The human toll of Hurricane Katrina is still
being counted as the fetid waters that drowned a city recede or
evaporate in the hot sun. Much has been written about how the ‘war
on terror’ diverted spending from the defences of New Orleans.
The absence of large numbers of the National Guard, on duty in
Iraq, further delayed help to the stricken. The lack of clarity
in responsibility between federal, state and local authorities
exacerbated the disaster. The somnolence of George W Bush, deep,
no doubt, in dreams of redistributing yet more wealth from poor
to rich on his long holiday in Texas, made him slow to react to
the enormity of what had happened. It has also uncovered unexpected
vulnerabilities in this, the most powerful country on earth. It
has laid bare, in the starkest and most tangible form, what is
well known in theory: that this society is constructed upon a celebration
of inequality, ingrown violence and great historic wrongs, which,
for their sustenance, require continuous human sacrifice.
People in India often ask me whether poverty
exists in the West. I tell them it is widespread. They accept the
truth of this, but
look puzzled. They find it hard to reconcile the ubiquitous imagery
of abundance and luxury from the West with what they know of poverty
as they experience it – the emaciation of extreme want. Do
people labour in the fields for less than a day’s wage? Do
they suffer hunger? Must they work 16 hours a day? Do they send
their children to work? Must they wait till evening for the money
that enables them to eat?
No, it isn’t like that. Poverty in
the West is, assuredly, a violent visitation. But it has a different
face from the poverty
of India. It is hard to describe, to those who have never been
out of India, the face of poverty in the richest societies in the
world.
The effects of Hurricane Katrina have made
it easier to explain, since it has demonstrated to everyone the
nature of exclusion and
resourcelessness in a country whose prodigious wealth inspires
both envy and desire in the peoples of the earth.

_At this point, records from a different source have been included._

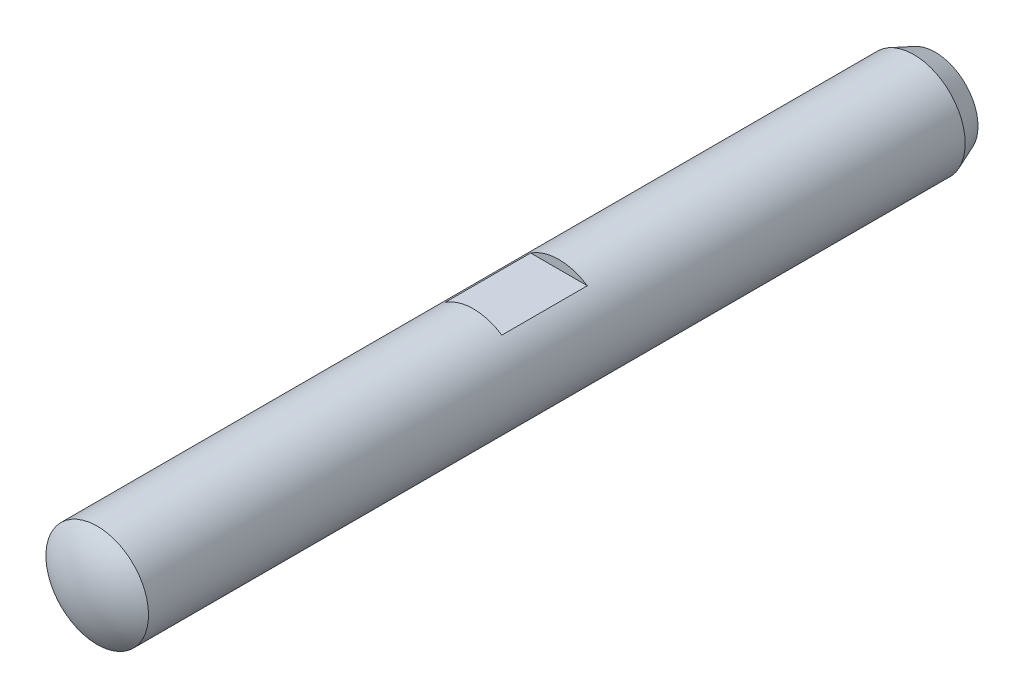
ISO-10303-21;
HEADER;
FILE_DESCRIPTION(('STEP AP214'),'2;1');
FILE_NAME('part.step','',(''),(''),'','','');
FILE_SCHEMA(('AUTOMOTIVE_DESIGN { 1 0 10303 214 1 1 1 1 }'));
ENDSEC;
DATA;
#1=APPLICATION_CONTEXT('core data for automotive mechanical design processes');
#2=APPLICATION_PROTOCOL_DEFINITION('international standard','automotive_design',2000,#1);
#3=PRODUCT_CONTEXT('',#1,'mechanical');
#4=PRODUCT('Part','Part','',(#3));
#5=PRODUCT_RELATED_PRODUCT_CATEGORY('part','',(#4));
#6=PRODUCT_DEFINITION_FORMATION('','',#4);
#7=PRODUCT_DEFINITION_CONTEXT('part definition',#1,'design');
#8=PRODUCT_DEFINITION('design','',#6,#7);
#9=PRODUCT_DEFINITION_SHAPE('','',#8);
#10=(LENGTH_UNIT() NAMED_UNIT(*) SI_UNIT(.MILLI.,.METRE.));
#11=(NAMED_UNIT(*) PLANE_ANGLE_UNIT() SI_UNIT($,.RADIAN.));
#12=(NAMED_UNIT(*) SI_UNIT($,.STERADIAN.) SOLID_ANGLE_UNIT());
#13=UNCERTAINTY_MEASURE_WITH_UNIT(LENGTH_MEASURE(1.E-05),#10,'distance_accuracy_value','');
#14=(GEOMETRIC_REPRESENTATION_CONTEXT(3) GLOBAL_UNCERTAINTY_ASSIGNED_CONTEXT((#13)) GLOBAL_UNIT_ASSIGNED_CONTEXT((#10,
#11,#12)) REPRESENTATION_CONTEXT('',''));
#15=CARTESIAN_POINT('',(0.,0.,0.));
#16=DIRECTION('',(0.,0.,1.));
#17=DIRECTION('',(1.,0.,0.));
#18=AXIS2_PLACEMENT_3D('',#15,#16,#17);
#19=CARTESIAN_POINT('',(0.,0.,49.));
#20=DIRECTION('',(0.,0.,-1.));
#21=DIRECTION('',(-0.999999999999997,0.,0.));
#22=AXIS2_PLACEMENT_3D('',#19,#20,#21);
#23=CYLINDRICAL_SURFACE('',#22,3.);
#24=CARTESIAN_POINT('',(0.,0.,49.));
#25=DIRECTION('',(0.,0.,1.));
#26=DIRECTION('',(0.999999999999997,0.,0.));
#27=AXIS2_PLACEMENT_3D('',#24,#25,#26);
#28=CIRCLE('',#27,3.);
#29=CARTESIAN_POINT('',(2.99999999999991,0.,49.));
#30=VERTEX_POINT('',#29);
#31=EDGE_CURVE('E84',#30,#30,#28,.T.);
#32=ORIENTED_EDGE('',*,*,#31,.F.);
#33=EDGE_LOOP('',(#32));
#34=FACE_BOUND('',#33,.T.);
#35=CARTESIAN_POINT('',(0.,0.,1.25));
#36=DIRECTION('',(0.,0.,1.));
#37=DIRECTION('',(0.999999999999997,0.,0.));
#38=AXIS2_PLACEMENT_3D('',#35,#36,#37);
#39=CIRCLE('',#38,3.);
#40=CARTESIAN_POINT('',(2.99999999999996,0.,1.25));
#41=VERTEX_POINT('',#40);
#42=EDGE_CURVE('E81',#41,#41,#39,.T.);
#43=ORIENTED_EDGE('',*,*,#42,.T.);
#44=EDGE_LOOP('',(#43));
#45=FACE_BOUND('',#44,.T.);
#46=CARTESIAN_POINT('',(0.,0.,27.));
#47=DIRECTION('',(0.,0.,-1.));
#48=DIRECTION('',(-0.999999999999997,0.,0.));
#49=AXIS2_PLACEMENT_3D('',#46,#47,#48);
#50=CIRCLE('',#49,3.);
#51=CARTESIAN_POINT('',(-1.65831239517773,2.5,27.));
#52=VERTEX_POINT('',#51);
#53=CARTESIAN_POINT('',(1.65831239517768,2.50000000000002,27.));
#54=VERTEX_POINT('',#53);
#55=EDGE_CURVE('E11',#52,#54,#50,.T.);
#56=ORIENTED_EDGE('',*,*,#55,.F.);
#57=DIRECTION('',(0.,0.,-1.));
#58=VECTOR('',#57,1.);
#59=CARTESIAN_POINT('',(-1.65831239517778,2.5,49.));
#60=LINE('',#59,#58);
#61=CARTESIAN_POINT('',(-1.65831239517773,2.5,22.));
#62=VERTEX_POINT('',#61);
#63=EDGE_CURVE('E70',#62,#52,#60,.F.);
#64=ORIENTED_EDGE('',*,*,#63,.F.);
#65=CARTESIAN_POINT('',(0.,0.,22.));
#66=DIRECTION('',(0.,0.,-1.));
#67=DIRECTION('',(-0.999999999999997,0.,0.));
#68=AXIS2_PLACEMENT_3D('',#65,#66,#67);
#69=CIRCLE('',#68,3.);
#70=CARTESIAN_POINT('',(1.65831239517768,2.5,22.));
#71=VERTEX_POINT('',#70);
#72=EDGE_CURVE('E65',#62,#71,#69,.T.);
#73=ORIENTED_EDGE('',*,*,#72,.T.);
#74=DIRECTION('',(0.,0.,-1.));
#75=VECTOR('',#74,1.);
#76=CARTESIAN_POINT('',(1.65831239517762,2.5,49.));
#77=LINE('',#76,#75);
#78=EDGE_CURVE('E47',#54,#71,#77,.T.);
#79=ORIENTED_EDGE('',*,*,#78,.F.);
#80=EDGE_LOOP('',(#56,#64,#73,#79));
#81=FACE_BOUND('',#80,.T.);
#82=ADVANCED_FACE('F39',(#34,#45,#81),#23,.T.);
#83=CARTESIAN_POINT('',(0.,0.,45.));
#84=DIRECTION('',(0.,0.,1.));
#85=DIRECTION('',(0.999999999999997,0.,0.));
#86=AXIS2_PLACEMENT_3D('',#83,#84,#85);
#87=SPHERICAL_SURFACE('',#86,5.);
#88=ORIENTED_EDGE('',*,*,#31,.T.);
#89=EDGE_LOOP('',(#88));
#90=FACE_BOUND('',#89,.T.);
#91=ADVANCED_FACE('F98',(#90),#87,.T.);
#92=CARTESIAN_POINT('',(0.,0.,3.79166666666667));
#93=DIRECTION('',(0.,0.,1.));
#94=DIRECTION('',(0.999999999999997,0.,0.));
#95=AXIS2_PLACEMENT_3D('',#92,#93,#94);
#96=SPHERICAL_SURFACE('',#95,4.54166666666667);
#97=CARTESIAN_POINT('',(0.,0.,0.));
#98=DIRECTION('',(0.,0.,1.));
#99=DIRECTION('',(0.999999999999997,0.,0.));
#100=AXIS2_PLACEMENT_3D('',#97,#98,#99);
#101=CIRCLE('',#100,2.5);
#102=CARTESIAN_POINT('',(2.49999999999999,0.,0.));
#103=VERTEX_POINT('',#102);
#104=EDGE_CURVE('E71',#103,#103,#101,.F.);
#105=ORIENTED_EDGE('',*,*,#104,.T.);
#106=EDGE_LOOP('',(#105));
#107=FACE_BOUND('',#106,.T.);
#108=ADVANCED_FACE('F41',(#107),#96,.T.);
#109=CARTESIAN_POINT('',(0.,0.,1.25));
#110=DIRECTION('',(0.,0.,1.));
#111=DIRECTION('',(0.999999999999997,0.,0.));
#112=AXIS2_PLACEMENT_3D('',#109,#110,#111);
#113=CONICAL_SURFACE('',#112,3.,0.380506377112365);
#114=ORIENTED_EDGE('',*,*,#104,.F.);
#115=EDGE_LOOP('',(#114));
#116=FACE_BOUND('',#115,.T.);
#117=ORIENTED_EDGE('',*,*,#42,.F.);
#118=EDGE_LOOP('',(#117));
#119=FACE_BOUND('',#118,.T.);
#120=ADVANCED_FACE('F95',(#116,#119),#113,.T.);
#121=CARTESIAN_POINT('',(-3.50000000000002,2.5,27.));
#122=DIRECTION('',(0.,1.,0.));
#123=DIRECTION('',(-0.999999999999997,0.,0.));
#124=AXIS2_PLACEMENT_3D('',#121,#122,#123);
#125=PLANE('',#124);
#126=ORIENTED_EDGE('',*,*,#78,.T.);
#127=DIRECTION('',(0.999999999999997,0.,0.));
#128=VECTOR('',#127,1.);
#129=CARTESIAN_POINT('',(-3.50000000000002,2.5,22.));
#130=LINE('',#129,#128);
#131=EDGE_CURVE('E53',#62,#71,#130,.T.);
#132=ORIENTED_EDGE('',*,*,#131,.F.);
#133=ORIENTED_EDGE('',*,*,#63,.T.);
#134=DIRECTION('',(0.999999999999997,0.,0.));
#135=VECTOR('',#134,1.);
#136=CARTESIAN_POINT('',(-3.50000000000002,2.5,27.));
#137=LINE('',#136,#135);
#138=EDGE_CURVE('E75',#52,#54,#137,.T.);
#139=ORIENTED_EDGE('',*,*,#138,.T.);
#140=EDGE_LOOP('',(#126,#132,#133,#139));
#141=FACE_BOUND('',#140,.T.);
#142=ADVANCED_FACE('F74',(#141),#125,.T.);
#143=CARTESIAN_POINT('',(-3.50000000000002,4.5,27.));
#144=DIRECTION('',(0.,0.,-1.));
#145=DIRECTION('',(-0.999999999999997,0.,0.));
#146=AXIS2_PLACEMENT_3D('',#143,#144,#145);
#147=PLANE('',#146);
#148=ORIENTED_EDGE('',*,*,#55,.T.);
#149=ORIENTED_EDGE('',*,*,#138,.F.);
#150=EDGE_LOOP('',(#148,#149));
#151=FACE_BOUND('',#150,.T.);
#152=ADVANCED_FACE('F87',(#151),#147,.T.);
#153=CARTESIAN_POINT('',(-3.49999999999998,4.5,22.));
#154=DIRECTION('',(0.,0.,-1.));
#155=DIRECTION('',(-0.999999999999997,0.,0.));
#156=AXIS2_PLACEMENT_3D('',#153,#154,#155);
#157=PLANE('',#156);
#158=ORIENTED_EDGE('',*,*,#131,.T.);
#159=ORIENTED_EDGE('',*,*,#72,.F.);
#160=EDGE_LOOP('',(#158,#159));
#161=FACE_BOUND('',#160,.T.);
#162=ADVANCED_FACE('F66',(#161),#157,.F.);
#163=CLOSED_SHELL('',(#82,#91,#108,#120,#142,#152,#162));
#164=MANIFOLD_SOLID_BREP('B2',#163);
#165=ADVANCED_BREP_SHAPE_REPRESENTATION('',(#18,#164),#14);
#166=SHAPE_DEFINITION_REPRESENTATION(#9,#165);
ENDSEC;
END-ISO-10303-21;

For the waters that swept through New Orleans
did more than inundate a beautiful and historic city. Among the
debris of buildings, stores,
churches, casinos, factories and fields, a human wreckage was deposited
on the desolate streets. Pictures of used-up humanity – the
shut-ins and the locked-aways, an incarcerated populace, a concealed
people, those who pay the true cost of the expensive maintenance
of the American Dream – have been beamed into the gilded
dwelling-places of wealth.
A majority of those unable to flee the city
are the victims of success, the failures and losers of a competitive,
individualistic
society which chooses to dwell only on achievement, celebrity and
glory and to hide away its hopeless and the disappointed in the
cellars and attics of forgetting; from which they were brutally
flushed out by the raging waters of the Gulf. Rarely had they been
seen in such multitudes; understandably, because concentrations
of so many infirm and vulnerable, elderly and weak, unhinged and
disordered people make visible the ugliness of America’s
terrible social injustice.
They speak to us of the nature of poverty
in rich societies. Many commentators observed that the poor of
New Orleans were, overwhelmingly,
black. This is true of the urban area of New Orleans – two-thirds
black – which is one of the poorest in the US. But this tells
us more about continuing segregation in America than it does about
poverty. The disproportionate death toll among black people demonstrates
their over-representation among the poor in the inner urban areas.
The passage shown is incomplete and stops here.